Here we present a method to stabilize sternal fractures by using locked titanium plates in a low profile design. Performing subperiosteal dissection along the sternum while reducing the fracture, using depth limited drilling, and fixing the plates provides a safe surgical way.
Different ways to stabilize a sternal fracture are described in literature. Respecting different mechanisms of trauma such as the direct impact to the anterior chest wall or the flexion-compression injury of the trunk, there is a need to retain each sternal fragment in the correct position while neutralizing shearing forces to the sternum. Anterior sternal plating provides the best stability and is therefore increasingly used in most cases. However, many surgeons are reluctant to perform sternal osteosynthesis due to possible complications such as difficulties in preoperative planning, severe injuries to mediastinal organs, or failure of the performed method.
This manuscript describes one possible safe way to stabilize different types of sternal fractures in a step by step guidance for anterior sternal plating using low profile locking titanium plates. Before surgical treatment, a detailed survey of the patient and a three dimensional reconstructed computed tomography is taken out to get detailed information of the fracture’s morphology. The surgical approach is usually a midline incision. Its position can be described by measuring the distance from upper sternal edge to the fracture and its length can be approximated by the summation of 60 mm for the basis incision, the thickness of presternal soft tissue and the greatest distance between the fragments in case of multiple fractures.

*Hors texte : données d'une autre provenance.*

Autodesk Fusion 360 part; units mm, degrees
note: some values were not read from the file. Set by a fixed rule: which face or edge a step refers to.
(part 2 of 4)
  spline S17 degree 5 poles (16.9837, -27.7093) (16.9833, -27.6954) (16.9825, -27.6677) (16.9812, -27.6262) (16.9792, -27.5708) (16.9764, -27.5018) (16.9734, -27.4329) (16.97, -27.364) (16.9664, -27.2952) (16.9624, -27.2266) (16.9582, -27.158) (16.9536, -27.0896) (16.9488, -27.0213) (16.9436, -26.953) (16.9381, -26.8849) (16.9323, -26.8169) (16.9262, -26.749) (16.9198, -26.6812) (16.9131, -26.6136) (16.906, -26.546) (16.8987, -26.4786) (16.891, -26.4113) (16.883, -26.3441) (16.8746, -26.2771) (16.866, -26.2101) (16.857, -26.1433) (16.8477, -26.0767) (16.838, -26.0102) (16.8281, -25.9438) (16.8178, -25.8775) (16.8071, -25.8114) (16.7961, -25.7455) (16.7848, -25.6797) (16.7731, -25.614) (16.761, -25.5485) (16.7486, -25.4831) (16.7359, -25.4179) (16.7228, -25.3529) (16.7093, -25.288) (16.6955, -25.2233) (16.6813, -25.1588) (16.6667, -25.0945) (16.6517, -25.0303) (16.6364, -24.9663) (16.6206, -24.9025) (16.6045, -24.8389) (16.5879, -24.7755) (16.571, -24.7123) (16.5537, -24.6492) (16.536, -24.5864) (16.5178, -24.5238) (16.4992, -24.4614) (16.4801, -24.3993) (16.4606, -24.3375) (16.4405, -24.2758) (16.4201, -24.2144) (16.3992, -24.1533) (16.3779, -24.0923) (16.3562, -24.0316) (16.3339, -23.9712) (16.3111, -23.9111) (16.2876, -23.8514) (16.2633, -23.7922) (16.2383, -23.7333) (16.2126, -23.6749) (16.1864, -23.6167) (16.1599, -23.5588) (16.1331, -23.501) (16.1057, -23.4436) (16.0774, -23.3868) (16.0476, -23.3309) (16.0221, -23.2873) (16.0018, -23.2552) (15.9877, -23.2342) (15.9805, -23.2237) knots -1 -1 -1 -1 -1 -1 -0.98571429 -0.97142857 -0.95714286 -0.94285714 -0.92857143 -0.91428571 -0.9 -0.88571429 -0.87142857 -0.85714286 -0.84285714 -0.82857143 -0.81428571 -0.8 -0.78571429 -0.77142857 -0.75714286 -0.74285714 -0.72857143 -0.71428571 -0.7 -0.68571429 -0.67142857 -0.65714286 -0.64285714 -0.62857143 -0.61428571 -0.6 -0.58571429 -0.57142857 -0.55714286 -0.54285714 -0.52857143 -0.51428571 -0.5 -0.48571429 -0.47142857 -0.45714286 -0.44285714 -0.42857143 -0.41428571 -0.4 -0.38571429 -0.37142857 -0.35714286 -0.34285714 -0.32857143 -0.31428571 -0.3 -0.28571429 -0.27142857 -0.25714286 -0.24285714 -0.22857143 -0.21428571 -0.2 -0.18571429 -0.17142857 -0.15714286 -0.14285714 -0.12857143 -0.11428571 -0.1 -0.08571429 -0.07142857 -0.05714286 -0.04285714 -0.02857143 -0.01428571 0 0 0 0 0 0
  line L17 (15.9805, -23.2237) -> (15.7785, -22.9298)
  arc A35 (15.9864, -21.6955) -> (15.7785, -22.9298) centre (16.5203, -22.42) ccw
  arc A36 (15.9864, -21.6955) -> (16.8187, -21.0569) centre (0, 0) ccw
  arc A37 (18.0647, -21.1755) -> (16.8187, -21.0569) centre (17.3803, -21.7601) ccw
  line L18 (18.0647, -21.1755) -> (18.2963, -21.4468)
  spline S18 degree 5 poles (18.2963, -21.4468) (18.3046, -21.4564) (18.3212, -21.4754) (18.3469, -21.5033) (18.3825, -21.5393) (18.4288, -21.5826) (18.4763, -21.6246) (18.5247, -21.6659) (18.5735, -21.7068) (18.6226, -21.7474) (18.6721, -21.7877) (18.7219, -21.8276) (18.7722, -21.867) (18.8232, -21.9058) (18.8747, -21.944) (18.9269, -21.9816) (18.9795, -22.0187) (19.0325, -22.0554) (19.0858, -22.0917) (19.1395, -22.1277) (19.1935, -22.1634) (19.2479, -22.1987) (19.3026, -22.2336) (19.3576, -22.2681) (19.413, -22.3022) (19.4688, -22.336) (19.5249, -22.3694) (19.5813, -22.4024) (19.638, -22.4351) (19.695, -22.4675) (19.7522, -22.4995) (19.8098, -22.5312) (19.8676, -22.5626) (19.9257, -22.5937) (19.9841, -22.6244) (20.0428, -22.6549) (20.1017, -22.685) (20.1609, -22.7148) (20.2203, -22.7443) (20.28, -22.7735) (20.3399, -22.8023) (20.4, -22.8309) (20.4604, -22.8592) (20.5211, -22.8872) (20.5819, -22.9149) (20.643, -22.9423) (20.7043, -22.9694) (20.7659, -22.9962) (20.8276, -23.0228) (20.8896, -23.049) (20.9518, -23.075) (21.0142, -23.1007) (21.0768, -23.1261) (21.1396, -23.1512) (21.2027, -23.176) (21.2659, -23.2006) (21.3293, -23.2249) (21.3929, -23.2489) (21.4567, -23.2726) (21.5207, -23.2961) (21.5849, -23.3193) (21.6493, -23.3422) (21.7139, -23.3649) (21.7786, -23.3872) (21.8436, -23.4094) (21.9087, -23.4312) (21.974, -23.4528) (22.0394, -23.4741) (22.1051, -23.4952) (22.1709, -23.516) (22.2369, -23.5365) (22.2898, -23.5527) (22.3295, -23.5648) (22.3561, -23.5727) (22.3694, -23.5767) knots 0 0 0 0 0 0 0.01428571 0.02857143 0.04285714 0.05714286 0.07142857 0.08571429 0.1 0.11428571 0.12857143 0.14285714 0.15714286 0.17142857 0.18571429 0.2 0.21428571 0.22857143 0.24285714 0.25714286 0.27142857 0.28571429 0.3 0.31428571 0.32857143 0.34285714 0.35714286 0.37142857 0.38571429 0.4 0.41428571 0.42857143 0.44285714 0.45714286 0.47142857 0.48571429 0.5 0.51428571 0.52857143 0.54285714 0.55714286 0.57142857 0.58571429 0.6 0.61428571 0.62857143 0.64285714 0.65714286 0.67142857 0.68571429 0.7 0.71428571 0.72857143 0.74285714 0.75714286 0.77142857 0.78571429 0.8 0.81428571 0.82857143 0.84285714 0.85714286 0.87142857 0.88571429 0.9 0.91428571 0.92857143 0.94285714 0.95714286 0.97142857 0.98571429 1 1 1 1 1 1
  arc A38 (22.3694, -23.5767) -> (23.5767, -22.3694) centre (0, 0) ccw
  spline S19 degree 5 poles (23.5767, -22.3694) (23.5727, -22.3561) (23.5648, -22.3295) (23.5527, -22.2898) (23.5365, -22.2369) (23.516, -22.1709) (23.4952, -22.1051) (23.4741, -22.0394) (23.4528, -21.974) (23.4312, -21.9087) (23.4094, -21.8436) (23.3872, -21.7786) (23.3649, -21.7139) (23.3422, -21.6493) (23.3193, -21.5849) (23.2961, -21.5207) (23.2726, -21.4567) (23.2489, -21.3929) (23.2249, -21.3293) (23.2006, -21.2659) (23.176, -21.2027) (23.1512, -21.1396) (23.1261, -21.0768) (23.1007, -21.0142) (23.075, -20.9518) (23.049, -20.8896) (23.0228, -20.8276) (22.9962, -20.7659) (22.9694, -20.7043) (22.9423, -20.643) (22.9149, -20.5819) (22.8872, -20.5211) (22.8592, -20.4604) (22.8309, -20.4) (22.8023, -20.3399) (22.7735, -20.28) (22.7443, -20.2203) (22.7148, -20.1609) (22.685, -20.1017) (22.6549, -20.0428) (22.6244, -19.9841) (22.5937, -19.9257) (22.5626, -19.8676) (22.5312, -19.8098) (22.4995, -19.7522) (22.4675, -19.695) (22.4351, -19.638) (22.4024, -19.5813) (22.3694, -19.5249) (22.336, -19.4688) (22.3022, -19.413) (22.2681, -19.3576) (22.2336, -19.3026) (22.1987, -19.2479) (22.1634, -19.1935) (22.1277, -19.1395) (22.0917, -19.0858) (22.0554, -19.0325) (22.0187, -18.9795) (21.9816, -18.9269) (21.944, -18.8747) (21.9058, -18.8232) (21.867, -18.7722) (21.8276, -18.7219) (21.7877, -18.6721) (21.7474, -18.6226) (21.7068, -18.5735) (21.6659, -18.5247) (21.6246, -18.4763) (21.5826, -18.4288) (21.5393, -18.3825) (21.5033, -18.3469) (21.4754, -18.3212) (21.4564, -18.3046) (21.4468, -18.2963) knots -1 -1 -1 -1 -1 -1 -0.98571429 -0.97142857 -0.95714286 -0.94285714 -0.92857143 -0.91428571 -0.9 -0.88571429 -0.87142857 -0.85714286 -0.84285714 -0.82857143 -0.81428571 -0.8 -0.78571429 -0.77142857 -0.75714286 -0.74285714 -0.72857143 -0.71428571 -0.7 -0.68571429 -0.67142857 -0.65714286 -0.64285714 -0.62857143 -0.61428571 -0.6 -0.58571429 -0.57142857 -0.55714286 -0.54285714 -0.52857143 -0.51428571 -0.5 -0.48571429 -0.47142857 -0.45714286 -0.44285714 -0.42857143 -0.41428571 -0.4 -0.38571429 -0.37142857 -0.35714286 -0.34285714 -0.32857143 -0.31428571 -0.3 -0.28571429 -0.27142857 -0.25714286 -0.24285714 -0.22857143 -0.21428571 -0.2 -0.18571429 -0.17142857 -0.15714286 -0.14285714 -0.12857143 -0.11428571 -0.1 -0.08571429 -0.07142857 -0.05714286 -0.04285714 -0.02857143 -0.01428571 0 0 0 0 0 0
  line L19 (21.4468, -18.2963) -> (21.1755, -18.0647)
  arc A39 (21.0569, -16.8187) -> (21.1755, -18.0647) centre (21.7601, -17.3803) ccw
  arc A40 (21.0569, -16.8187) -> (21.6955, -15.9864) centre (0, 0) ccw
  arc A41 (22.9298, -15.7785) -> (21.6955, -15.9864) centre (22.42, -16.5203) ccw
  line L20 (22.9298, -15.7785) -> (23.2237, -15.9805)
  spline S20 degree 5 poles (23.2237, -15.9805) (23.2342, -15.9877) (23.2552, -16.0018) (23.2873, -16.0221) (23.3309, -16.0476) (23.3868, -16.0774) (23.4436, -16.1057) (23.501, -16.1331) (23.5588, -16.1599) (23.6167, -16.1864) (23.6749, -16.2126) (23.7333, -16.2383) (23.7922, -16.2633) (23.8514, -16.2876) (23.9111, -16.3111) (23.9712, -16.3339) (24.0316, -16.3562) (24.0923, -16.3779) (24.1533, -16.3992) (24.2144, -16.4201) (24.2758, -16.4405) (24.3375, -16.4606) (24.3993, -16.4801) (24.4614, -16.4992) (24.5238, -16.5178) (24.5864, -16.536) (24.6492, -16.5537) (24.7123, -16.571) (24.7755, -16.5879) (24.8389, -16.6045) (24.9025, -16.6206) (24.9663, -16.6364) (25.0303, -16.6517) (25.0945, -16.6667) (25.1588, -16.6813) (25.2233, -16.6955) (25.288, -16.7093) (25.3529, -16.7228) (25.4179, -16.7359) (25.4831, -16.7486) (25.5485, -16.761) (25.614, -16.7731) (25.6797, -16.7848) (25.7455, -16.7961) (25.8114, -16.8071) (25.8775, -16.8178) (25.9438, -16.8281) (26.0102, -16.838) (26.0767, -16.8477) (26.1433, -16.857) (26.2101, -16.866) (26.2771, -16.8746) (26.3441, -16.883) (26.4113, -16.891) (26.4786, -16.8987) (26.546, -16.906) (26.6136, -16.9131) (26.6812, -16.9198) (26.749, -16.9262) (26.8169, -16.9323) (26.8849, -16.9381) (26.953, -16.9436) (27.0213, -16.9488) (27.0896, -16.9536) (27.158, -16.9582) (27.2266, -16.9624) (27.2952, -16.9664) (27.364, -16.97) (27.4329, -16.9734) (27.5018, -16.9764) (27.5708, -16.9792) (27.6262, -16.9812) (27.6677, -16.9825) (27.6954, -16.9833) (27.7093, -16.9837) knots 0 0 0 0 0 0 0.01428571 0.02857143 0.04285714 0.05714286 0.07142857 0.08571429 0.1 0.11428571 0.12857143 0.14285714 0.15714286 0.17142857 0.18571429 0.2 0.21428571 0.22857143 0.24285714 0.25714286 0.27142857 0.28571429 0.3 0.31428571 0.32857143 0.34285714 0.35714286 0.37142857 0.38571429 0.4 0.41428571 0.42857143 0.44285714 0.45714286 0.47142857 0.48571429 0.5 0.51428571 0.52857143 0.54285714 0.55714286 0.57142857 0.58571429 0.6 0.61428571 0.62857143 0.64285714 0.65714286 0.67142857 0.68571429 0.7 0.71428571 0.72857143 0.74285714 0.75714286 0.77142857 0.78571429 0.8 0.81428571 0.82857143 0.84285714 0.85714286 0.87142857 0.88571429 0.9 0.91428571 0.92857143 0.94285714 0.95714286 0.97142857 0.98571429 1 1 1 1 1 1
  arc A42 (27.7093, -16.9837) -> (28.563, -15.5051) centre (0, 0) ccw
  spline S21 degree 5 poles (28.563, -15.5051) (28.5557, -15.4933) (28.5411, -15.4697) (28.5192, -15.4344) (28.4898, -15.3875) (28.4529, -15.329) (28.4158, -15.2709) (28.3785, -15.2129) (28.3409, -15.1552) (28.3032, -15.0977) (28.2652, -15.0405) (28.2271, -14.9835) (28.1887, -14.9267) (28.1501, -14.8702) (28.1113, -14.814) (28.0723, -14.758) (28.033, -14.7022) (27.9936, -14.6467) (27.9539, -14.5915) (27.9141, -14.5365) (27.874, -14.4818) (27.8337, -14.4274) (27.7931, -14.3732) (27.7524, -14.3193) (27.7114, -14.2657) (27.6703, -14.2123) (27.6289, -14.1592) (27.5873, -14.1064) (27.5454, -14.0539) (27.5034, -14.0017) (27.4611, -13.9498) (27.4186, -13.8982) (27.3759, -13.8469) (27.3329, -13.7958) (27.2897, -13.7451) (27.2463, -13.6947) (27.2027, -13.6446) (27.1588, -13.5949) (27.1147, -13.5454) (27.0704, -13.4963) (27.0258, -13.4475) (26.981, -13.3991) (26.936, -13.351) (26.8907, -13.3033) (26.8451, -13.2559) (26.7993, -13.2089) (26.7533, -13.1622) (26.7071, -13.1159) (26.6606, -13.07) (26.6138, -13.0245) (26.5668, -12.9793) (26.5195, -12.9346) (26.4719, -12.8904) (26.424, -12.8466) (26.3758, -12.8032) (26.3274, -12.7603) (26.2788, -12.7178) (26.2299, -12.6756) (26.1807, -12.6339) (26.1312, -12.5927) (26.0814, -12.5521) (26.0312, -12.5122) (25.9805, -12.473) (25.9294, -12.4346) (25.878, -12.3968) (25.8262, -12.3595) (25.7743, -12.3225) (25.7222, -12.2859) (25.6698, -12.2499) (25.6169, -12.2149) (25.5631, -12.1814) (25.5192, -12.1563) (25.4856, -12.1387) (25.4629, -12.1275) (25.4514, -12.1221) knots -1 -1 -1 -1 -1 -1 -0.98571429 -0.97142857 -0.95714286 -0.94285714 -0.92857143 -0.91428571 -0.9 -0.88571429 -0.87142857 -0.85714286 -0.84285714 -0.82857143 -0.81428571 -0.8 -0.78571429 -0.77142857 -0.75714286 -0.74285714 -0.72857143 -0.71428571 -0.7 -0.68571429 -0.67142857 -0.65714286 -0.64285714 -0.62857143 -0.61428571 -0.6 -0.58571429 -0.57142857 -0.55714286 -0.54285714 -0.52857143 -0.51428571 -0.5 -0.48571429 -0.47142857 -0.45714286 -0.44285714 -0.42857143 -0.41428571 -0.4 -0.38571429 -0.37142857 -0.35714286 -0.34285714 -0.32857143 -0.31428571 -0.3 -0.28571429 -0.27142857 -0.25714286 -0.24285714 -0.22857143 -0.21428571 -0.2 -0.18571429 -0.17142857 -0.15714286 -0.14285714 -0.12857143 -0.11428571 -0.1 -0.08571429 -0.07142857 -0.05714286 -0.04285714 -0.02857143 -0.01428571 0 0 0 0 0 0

Performing subperiosteal dissection along the sternum while reducing the fracture, using depth limited drilling, and fixing the plates prevents injuries to mediastinal organs and vessels.
Transverse fractures and oblique fractures at the corpus sterni are plated longitudinally, whereas oblique fractures of manubrium, sternocostal separation and any longitudinally fracture needs to be stabilized by a transverse plate from rib to sternum to rib. Usually the high convenience of a patient is seen during follow up as well as a precise reconstruction of the sternal morphology.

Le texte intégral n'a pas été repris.